Sia l’arte che le auto d’epoca non muoiono, sono già morte, bisogna però fare attenzione che non si corrompano: vanno custodite, restaurante, preservate. Nella forma e nella sostanza: occorre avere davanti un quadro in buono stato per poterlo apprezzare, così come occorre essere prepararti per poterlo capire. Se per il primo l’originalità è il valore d’aver scolpito nel cuore, per il secondo occorre avere la Storia dalla nostra parte, possedere la Cultura, godere della Conoscenza di coloro che sono passati.
Chiunque può ammirare un’icona del XII secolo, ma è evidente che per un cristiano abbia un significato arricchito da una componente religiosa-culturale. Chiunque può ammirare il Partenone ed i suoi fregi, ma diverso è analizzarli, capirli, studiarli con riguardo all’epoca in cui vennero scolpiti. Non è la stessa cosa ascoltare Metamorphosen di Strauss con un paio di cuffiette e sentirlo suonare mentre le macerie dei teatri bruciano ancora per le strade d’Europa. In breve: occorre immergersi nell’arte per poterla apprezzare appieno.
E che dire allora di un’auto? Possiamo forse godere delle sole due Atlantic originali come fossimo appassionati degli anni ’30? Peter Mullin e Ralph Lauren provano le stesse emozioni di Lord Rothschild e Richard Pope quando le ammirano nel loro garage? Nutriamo dei dubbi: il tempo passa e la sensibilità pure, al tempo dell’uscita er aun’auto iconoclasta, ora è un grande classico. Il mondo gira e stritola nei suoi ingranaggi trilioni di pensieri, infinite emozioni. Ma non è del singolo affetto che si parla in questo caso, ma dello stato del mondo che può produrre quell’affetto.

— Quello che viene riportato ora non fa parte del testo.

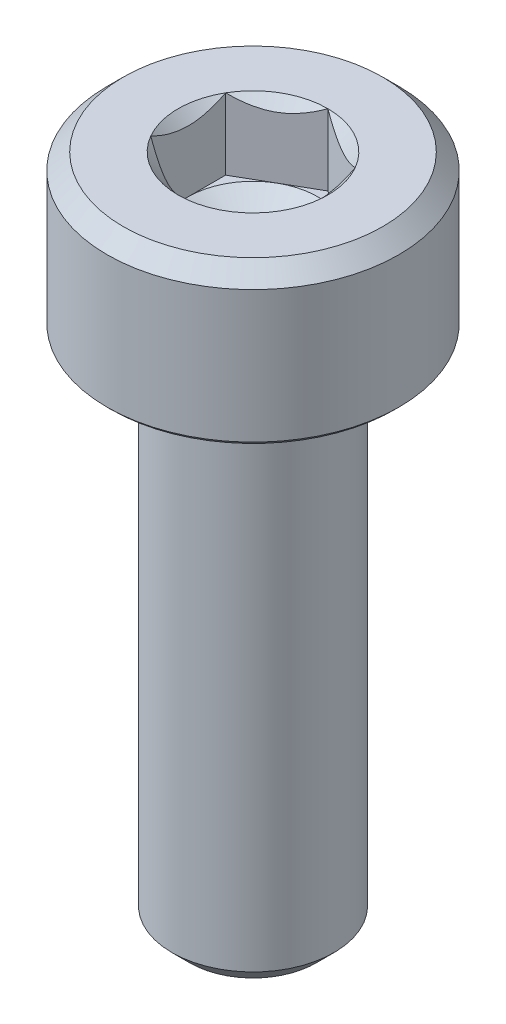
SolidWorks part; units mm, degrees
ref_plane "Front Plane" through (0, 0, 0) normal (0, 0, 1) x (1, 0, 0)
ref_plane "Top Plane" through (0, 0, 0) normal (0, 1, 0) x (1, 0, 0)
ref_plane "Right Plane" through (0, 0, 0) normal (1, 0, 0) x (0, 0, -1)
sketch "Sketch1" plane through (0, 0, 0) normal (0, 0, 1) x (1, 0, 0)
  line L0 (0, 0.6726) -> (1, 1.25)
  line L1 (1, 1.25) -> (1, 2.1953)
  line L2 (1, 2.1953) -> (1.1547, 2.35)
  line L3 (1.1547, 2.35) -> (2, 2.35)
  line L4 (2, 2.35) -> (2.25, 2.1)
  line L5 (2.25, 2.1) -> (2.25, 0.0625)
  line L6 (2.25, 0.0625) -> (2.1875, 0)
  line L7 (2.1875, 0) -> (1.3, 0)
  line L8 (1.3, 0) -> (1.25, -0.51)
  line L9 (1.25, -0.51) -> (1.25, -7.724)
  line L10 (1.25, -7.724) -> (0.974, -8)
  line L11 (0.974, -8) -> (0, -8)
  line L12 (0, -8) -> (0, 0.6726)
  line L13 (0, -8) -> (0, 2.35) construction
revolve "Revolve1" add sketch "Sketch1" angle 360 about L13 reverse direction yes
cosmetic thread "Cosmetic Thread1" parameters "D1"=6.65, "D2"=1.948
ref_plane "Plane1" through (0, 2.35, 0) normal (0, 1, 0) x (1, 0, 0)
sketch "Sketch2" plane through (0, 2.35, 0) normal (0, 1, 0) x (1, 0, 0)
  line L0 (-1, -0.5774) -> (0, -1.1547)
  line L1 (0, -1.1547) -> (1, -0.5774)
  line L2 (1, -0.5774) -> (1, 0.5774)
  line L3 (1, 0.5774) -> (0, 1.1547)
  line L4 (0, 1.1547) -> (-1, 0.5774)
  line L5 (-1, 0.5774) -> (-1, -0.5774)
extrude "Cut-Extrude1" cut sketch "Sketch2" against normal blind 1.1
ref_plane "Plane2" through (0, -8, 0) normal (0, 1, 0) x (1, 0, 0)
ref_plane "ANBAU XY" through (0, 0, 0) normal (0, 1, 0) x (1, 0, 0)
ref_plane "ANBAU XZ" through (0, 0, 0) normal (0, 0, 1) x (1, 0, 0)
ref_plane "ANBAU YZ" through (0, 0, 0) normal (1, 0, 0) x (0, 0, -1)
ref_axis "ANBAU X" through (-80.9, 0, 0) along (1, 0, 0)
ref_axis "ANBAU Y" through (0, 0, 50) along (0, 0, -1)
ref_axis "ANBAU Z" through (0, 50, 0) along (0, -1, 0)
sketch3d "ANBAU"
  point P0 (0, 0, 0)
ref_plane "Schraube XY" through (0, 0, 0) normal (0, 1, 0) x (1, 0, 0)
ref_plane "Schraube XZ" through (0, 0, 0) normal (0, 0, 1) x (1, 0, 0)
ref_plane "Schraube YZ" through (0, 0, 0) normal (1, 0, 0) x (0, 0, -1)
ref_axis "Schraube X" through (-80.9, 0, 0) along (1, 0, 0)
ref_axis "Schraube Y" through (0, 0, 50) along (0, 0, -1)
ref_axis "Schraube Z" through (0, 50, 0) along (0, -1, 0)
sketch3d "Schraube"
  point P0 (0, 0, 0)
ref_plane "insert XY" through (0, 0, 0) normal (0, 1, 0) x (1, 0, 0)
ref_plane "insert XZ" through (0, 0, 0) normal (0, 0, 1) x (1, 0, 0)
ref_plane "insert YZ" through (0, 0, 0) normal (1, 0, 0) x (0, 0, -1)
ref_axis "insert X" through (-80.9, 0, 0) along (1, 0, 0)
ref_axis "insert Y" through (0, 0, 50) along (0, 0, -1)
ref_axis "insert Z" through (0, 50, 0) along (0, -1, 0)
sketch3d "insert"
  point P0 (0, 0, 0)
ref_plane "schrauben_punkt XY" through (0, -8, 0) normal (0, 1, 0) x (1, 0, 0)
ref_plane "schrauben_punkt XZ" through (0, 0, 0) normal (0, 0, 1) x (1, 0, 0)
ref_plane "schrauben_punkt YZ" through (0, 0, 0) normal (1, 0, 0) x (0, 0, -1)
ref_axis "schrauben_punkt X" through (-80.9, -8, 0) along (1, 0, 0)
ref_axis "schrauben_punkt Y" through (0, -8, 50) along (0, 0, -1)
ref_axis "schrauben_punkt Z" through (0, 50, 0) along (0, -1, 0)
sketch3d "schrauben_punkt"
  point P0 (0, -8, 0)
other "Freeze***"

Se il Papa si facesse affrescare una stanza come la cappella sistina sarebbe considerato al pari di Giulio II? E l’artista come Michelangelo? La priorità al giorno d’oggi non è certo l’arte, il rinascimento -o l’insieme di rinascimenti che nella storia si sono susseguiti- non aleggia nel Vecchio Continente e solo qui può posare le sue ali. E’ un’epoca di stallo. In compenso ci sono molti meno omicidio politici e muore molta meno gente per avvelenamento che nel ‘500.
Non siamo nemmeno in un periodo di decadenza, siamo decaduti e basta, vergognandoci per altro delle nostre rovine. Tanto da doverne fare di nuove. L’Atlantic non va più bene nel XXI secolo? Facciamone un’altra. Gli acquirenti? Speriamo i già proprietari delle VERE Atlantic, ma temiamo quest’auto saranno appannaggio di qualche mamelucco, o di alcuni ricchissimi asiatici. Destino curioso per un’auto i cui due esemplari superstiti appartenevano all’erede della più importante famiglia ebraica al mondo e a un signore che per cognome aveva la più elevata carica della cristianità. Proprio per questo non ci sembra corretto rievocare il celebre nome Atlantic per questo, sarebbe più corretto Pacific o ancora Persian.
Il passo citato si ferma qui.